MATERIALS PROVIDED
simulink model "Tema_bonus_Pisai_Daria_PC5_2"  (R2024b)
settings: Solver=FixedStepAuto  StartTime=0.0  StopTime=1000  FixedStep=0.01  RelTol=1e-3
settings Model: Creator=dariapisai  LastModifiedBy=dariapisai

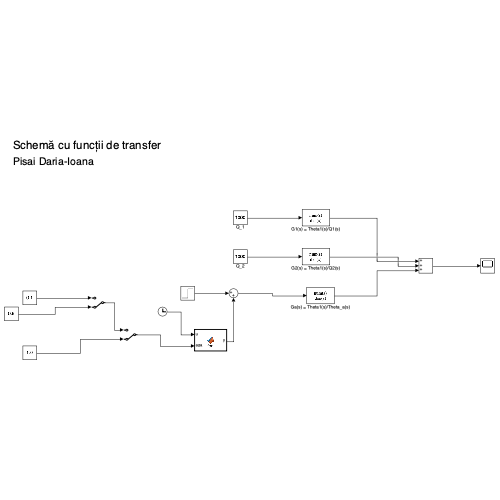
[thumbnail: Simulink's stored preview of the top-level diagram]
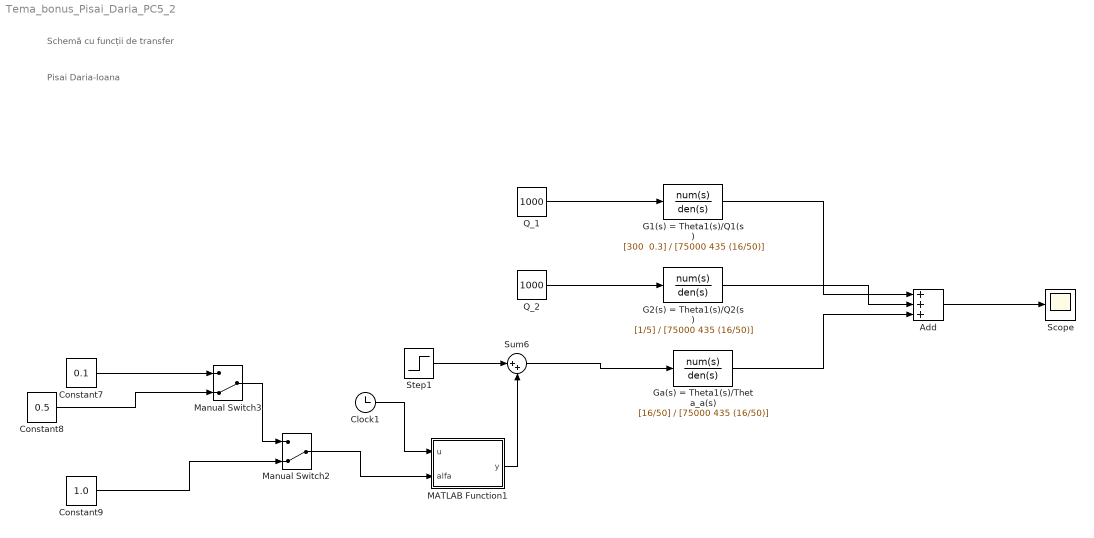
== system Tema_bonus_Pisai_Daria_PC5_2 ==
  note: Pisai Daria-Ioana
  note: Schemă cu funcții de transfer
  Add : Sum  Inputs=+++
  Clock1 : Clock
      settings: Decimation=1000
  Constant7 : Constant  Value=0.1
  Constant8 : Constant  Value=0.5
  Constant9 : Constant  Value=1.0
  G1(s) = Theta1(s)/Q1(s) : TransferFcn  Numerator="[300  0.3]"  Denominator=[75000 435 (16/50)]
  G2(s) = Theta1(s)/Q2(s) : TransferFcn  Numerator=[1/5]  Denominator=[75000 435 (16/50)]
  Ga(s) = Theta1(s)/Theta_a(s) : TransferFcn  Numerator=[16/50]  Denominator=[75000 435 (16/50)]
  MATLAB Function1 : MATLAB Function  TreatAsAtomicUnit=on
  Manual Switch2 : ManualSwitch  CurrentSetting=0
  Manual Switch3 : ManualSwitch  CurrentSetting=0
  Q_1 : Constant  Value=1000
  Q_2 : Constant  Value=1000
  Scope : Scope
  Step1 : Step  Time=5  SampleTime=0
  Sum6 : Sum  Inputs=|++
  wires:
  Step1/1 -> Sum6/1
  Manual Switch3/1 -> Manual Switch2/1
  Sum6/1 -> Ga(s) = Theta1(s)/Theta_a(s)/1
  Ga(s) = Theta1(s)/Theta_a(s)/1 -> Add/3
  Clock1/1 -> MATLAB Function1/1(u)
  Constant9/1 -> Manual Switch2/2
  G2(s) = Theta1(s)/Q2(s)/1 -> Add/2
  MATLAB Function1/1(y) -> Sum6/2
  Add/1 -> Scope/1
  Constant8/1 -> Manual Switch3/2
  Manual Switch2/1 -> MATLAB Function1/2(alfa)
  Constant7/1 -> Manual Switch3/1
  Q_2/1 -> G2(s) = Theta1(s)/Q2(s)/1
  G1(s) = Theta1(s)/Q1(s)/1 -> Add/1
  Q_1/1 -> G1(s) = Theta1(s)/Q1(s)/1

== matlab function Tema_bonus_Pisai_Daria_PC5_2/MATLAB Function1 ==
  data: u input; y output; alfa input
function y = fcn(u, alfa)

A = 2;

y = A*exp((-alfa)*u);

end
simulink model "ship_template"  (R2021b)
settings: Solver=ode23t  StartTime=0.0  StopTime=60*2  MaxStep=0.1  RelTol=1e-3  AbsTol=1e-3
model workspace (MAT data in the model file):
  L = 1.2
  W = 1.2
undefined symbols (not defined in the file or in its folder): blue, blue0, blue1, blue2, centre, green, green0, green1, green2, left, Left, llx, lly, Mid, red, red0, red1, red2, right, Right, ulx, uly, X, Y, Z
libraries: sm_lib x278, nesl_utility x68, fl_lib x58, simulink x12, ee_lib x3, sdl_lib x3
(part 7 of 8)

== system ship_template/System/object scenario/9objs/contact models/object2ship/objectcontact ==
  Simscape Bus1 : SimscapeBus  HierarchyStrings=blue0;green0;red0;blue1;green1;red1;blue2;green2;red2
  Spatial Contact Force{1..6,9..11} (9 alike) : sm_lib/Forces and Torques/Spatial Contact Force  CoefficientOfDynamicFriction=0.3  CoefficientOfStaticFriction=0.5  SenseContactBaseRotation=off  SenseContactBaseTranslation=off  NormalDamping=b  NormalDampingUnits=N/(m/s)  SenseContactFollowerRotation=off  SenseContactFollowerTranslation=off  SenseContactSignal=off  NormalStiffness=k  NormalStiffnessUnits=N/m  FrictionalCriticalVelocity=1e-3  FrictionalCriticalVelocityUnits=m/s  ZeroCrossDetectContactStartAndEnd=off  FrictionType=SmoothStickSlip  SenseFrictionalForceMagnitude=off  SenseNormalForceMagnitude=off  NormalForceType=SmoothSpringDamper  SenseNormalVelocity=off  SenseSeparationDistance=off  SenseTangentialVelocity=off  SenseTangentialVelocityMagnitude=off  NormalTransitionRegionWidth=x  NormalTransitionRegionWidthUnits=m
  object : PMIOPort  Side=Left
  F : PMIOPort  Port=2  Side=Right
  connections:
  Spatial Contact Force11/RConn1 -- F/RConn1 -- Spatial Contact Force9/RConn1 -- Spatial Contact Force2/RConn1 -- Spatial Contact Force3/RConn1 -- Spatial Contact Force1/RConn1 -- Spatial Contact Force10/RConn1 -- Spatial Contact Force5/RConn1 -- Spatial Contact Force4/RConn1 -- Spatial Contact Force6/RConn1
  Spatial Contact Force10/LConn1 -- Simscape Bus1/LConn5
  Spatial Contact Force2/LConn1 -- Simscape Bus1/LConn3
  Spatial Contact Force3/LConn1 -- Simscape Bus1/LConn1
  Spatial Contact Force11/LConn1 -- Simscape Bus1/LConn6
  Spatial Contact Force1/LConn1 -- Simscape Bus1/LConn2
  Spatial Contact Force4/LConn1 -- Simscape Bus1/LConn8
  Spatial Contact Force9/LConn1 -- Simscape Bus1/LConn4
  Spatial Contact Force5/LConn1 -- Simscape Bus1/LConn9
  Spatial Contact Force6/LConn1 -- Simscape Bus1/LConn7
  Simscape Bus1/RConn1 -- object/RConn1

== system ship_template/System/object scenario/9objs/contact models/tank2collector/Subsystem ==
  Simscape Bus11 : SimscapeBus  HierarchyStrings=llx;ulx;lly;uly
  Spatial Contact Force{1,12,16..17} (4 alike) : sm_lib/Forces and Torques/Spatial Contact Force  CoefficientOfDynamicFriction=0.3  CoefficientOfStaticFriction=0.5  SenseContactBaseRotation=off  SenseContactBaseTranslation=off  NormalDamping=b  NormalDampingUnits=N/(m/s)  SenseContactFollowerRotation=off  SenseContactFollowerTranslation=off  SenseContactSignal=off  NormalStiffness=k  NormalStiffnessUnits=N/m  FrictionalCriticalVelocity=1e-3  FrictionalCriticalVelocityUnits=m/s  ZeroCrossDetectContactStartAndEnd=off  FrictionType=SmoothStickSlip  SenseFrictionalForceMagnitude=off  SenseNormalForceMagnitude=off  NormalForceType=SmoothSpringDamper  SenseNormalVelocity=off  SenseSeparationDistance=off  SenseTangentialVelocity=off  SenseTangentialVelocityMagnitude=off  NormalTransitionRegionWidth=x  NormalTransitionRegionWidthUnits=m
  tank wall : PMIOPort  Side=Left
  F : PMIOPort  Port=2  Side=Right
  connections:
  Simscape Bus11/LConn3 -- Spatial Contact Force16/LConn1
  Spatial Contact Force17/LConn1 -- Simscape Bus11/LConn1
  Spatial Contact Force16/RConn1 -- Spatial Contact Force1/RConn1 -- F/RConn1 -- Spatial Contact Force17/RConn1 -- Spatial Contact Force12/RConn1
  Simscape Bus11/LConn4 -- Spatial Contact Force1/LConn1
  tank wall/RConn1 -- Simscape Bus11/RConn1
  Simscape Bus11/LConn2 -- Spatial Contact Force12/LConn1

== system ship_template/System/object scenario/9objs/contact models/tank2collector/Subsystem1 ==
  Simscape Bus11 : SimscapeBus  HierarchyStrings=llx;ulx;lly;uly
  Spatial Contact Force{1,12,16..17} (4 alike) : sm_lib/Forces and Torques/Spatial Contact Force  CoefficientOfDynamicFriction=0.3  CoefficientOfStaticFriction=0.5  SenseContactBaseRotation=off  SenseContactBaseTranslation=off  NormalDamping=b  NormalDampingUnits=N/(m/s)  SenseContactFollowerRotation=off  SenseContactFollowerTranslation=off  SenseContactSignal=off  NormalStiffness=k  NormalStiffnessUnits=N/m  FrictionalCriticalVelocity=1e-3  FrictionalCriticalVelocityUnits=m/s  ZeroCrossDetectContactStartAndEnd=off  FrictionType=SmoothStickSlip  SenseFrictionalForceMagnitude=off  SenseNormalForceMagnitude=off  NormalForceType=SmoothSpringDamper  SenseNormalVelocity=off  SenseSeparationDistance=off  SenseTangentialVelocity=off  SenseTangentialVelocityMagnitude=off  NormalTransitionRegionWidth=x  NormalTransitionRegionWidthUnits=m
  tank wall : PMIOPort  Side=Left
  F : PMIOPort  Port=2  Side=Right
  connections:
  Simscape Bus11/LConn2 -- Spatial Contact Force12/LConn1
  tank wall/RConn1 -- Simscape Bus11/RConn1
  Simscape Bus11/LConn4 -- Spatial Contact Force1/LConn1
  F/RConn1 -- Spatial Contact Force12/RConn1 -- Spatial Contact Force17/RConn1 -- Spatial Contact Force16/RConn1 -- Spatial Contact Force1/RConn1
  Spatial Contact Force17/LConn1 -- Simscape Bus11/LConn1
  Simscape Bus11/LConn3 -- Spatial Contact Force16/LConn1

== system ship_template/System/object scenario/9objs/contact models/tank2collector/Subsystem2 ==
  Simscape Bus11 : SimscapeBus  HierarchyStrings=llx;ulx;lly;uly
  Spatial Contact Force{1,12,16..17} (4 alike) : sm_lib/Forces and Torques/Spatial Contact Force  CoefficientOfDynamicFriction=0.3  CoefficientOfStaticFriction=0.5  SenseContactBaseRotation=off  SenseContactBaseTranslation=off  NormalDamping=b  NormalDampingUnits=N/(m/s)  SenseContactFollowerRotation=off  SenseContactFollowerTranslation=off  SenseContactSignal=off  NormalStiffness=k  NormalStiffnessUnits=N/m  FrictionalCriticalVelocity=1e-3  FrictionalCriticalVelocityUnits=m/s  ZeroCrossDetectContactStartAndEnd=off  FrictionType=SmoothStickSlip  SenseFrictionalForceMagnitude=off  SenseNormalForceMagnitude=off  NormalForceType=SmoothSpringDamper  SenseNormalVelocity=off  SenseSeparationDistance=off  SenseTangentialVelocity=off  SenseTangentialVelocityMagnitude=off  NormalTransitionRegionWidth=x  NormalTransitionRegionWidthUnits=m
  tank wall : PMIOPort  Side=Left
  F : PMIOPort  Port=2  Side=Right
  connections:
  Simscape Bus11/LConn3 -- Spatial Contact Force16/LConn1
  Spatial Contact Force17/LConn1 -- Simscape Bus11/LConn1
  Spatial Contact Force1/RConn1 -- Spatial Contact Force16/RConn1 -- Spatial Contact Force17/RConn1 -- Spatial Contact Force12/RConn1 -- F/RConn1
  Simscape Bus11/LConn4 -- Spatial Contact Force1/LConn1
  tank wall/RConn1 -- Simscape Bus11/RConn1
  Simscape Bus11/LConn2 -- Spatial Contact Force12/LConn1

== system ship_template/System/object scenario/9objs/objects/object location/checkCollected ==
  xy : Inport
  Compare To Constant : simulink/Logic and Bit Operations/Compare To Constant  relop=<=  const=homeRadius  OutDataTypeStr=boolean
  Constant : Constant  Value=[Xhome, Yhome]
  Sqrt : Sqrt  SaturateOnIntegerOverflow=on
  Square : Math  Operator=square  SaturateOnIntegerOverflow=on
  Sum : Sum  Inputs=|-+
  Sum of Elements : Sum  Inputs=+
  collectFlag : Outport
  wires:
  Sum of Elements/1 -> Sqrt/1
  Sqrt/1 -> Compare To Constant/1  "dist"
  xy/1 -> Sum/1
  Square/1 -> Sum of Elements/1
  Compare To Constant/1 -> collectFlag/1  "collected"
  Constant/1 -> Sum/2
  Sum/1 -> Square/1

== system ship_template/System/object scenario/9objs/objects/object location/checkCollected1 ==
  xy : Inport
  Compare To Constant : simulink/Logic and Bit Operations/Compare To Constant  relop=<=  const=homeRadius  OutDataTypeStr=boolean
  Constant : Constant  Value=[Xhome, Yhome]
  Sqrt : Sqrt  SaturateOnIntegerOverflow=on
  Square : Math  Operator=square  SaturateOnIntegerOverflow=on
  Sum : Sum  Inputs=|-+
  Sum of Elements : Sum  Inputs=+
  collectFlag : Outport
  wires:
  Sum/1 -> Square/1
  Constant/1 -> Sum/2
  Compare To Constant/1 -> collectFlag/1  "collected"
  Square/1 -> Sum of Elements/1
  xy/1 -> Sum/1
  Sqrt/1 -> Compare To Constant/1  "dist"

REQUIREMENT
Starting with the first line of the records above and stopping after the line containing "G2(s) = Theta1(s)/Q2(s) : TransferFcn", repeat every line exactly and leave out the pictures.

RESULT
simulink model "Tema_bonus_Pisai_Daria_PC5_2"  (R2024b)
settings: Solver=FixedStepAuto  StartTime=0.0  StopTime=1000  FixedStep=0.01  RelTol=1e-3
settings Model: Creator=dariapisai  LastModifiedBy=dariapisai

[thumbnail: Simulink's stored preview of the top-level diagram]
== system Tema_bonus_Pisai_Daria_PC5_2 ==
  note: Pisai Daria-Ioana
  note: Schemă cu funcții de transfer
  Add : Sum  Inputs=+++
  Clock1 : Clock
      settings: Decimation=1000
  Constant7 : Constant  Value=0.1
  Constant8 : Constant  Value=0.5
  Constant9 : Constant  Value=1.0
  G1(s) = Theta1(s)/Q1(s) : TransferFcn  Numerator="[300  0.3]"  Denominator=[75000 435 (16/50)]
  G2(s) = Theta1(s)/Q2(s) : TransferFcn  Numerator=[1/5]  Denominator=[75000 435 (16/50)]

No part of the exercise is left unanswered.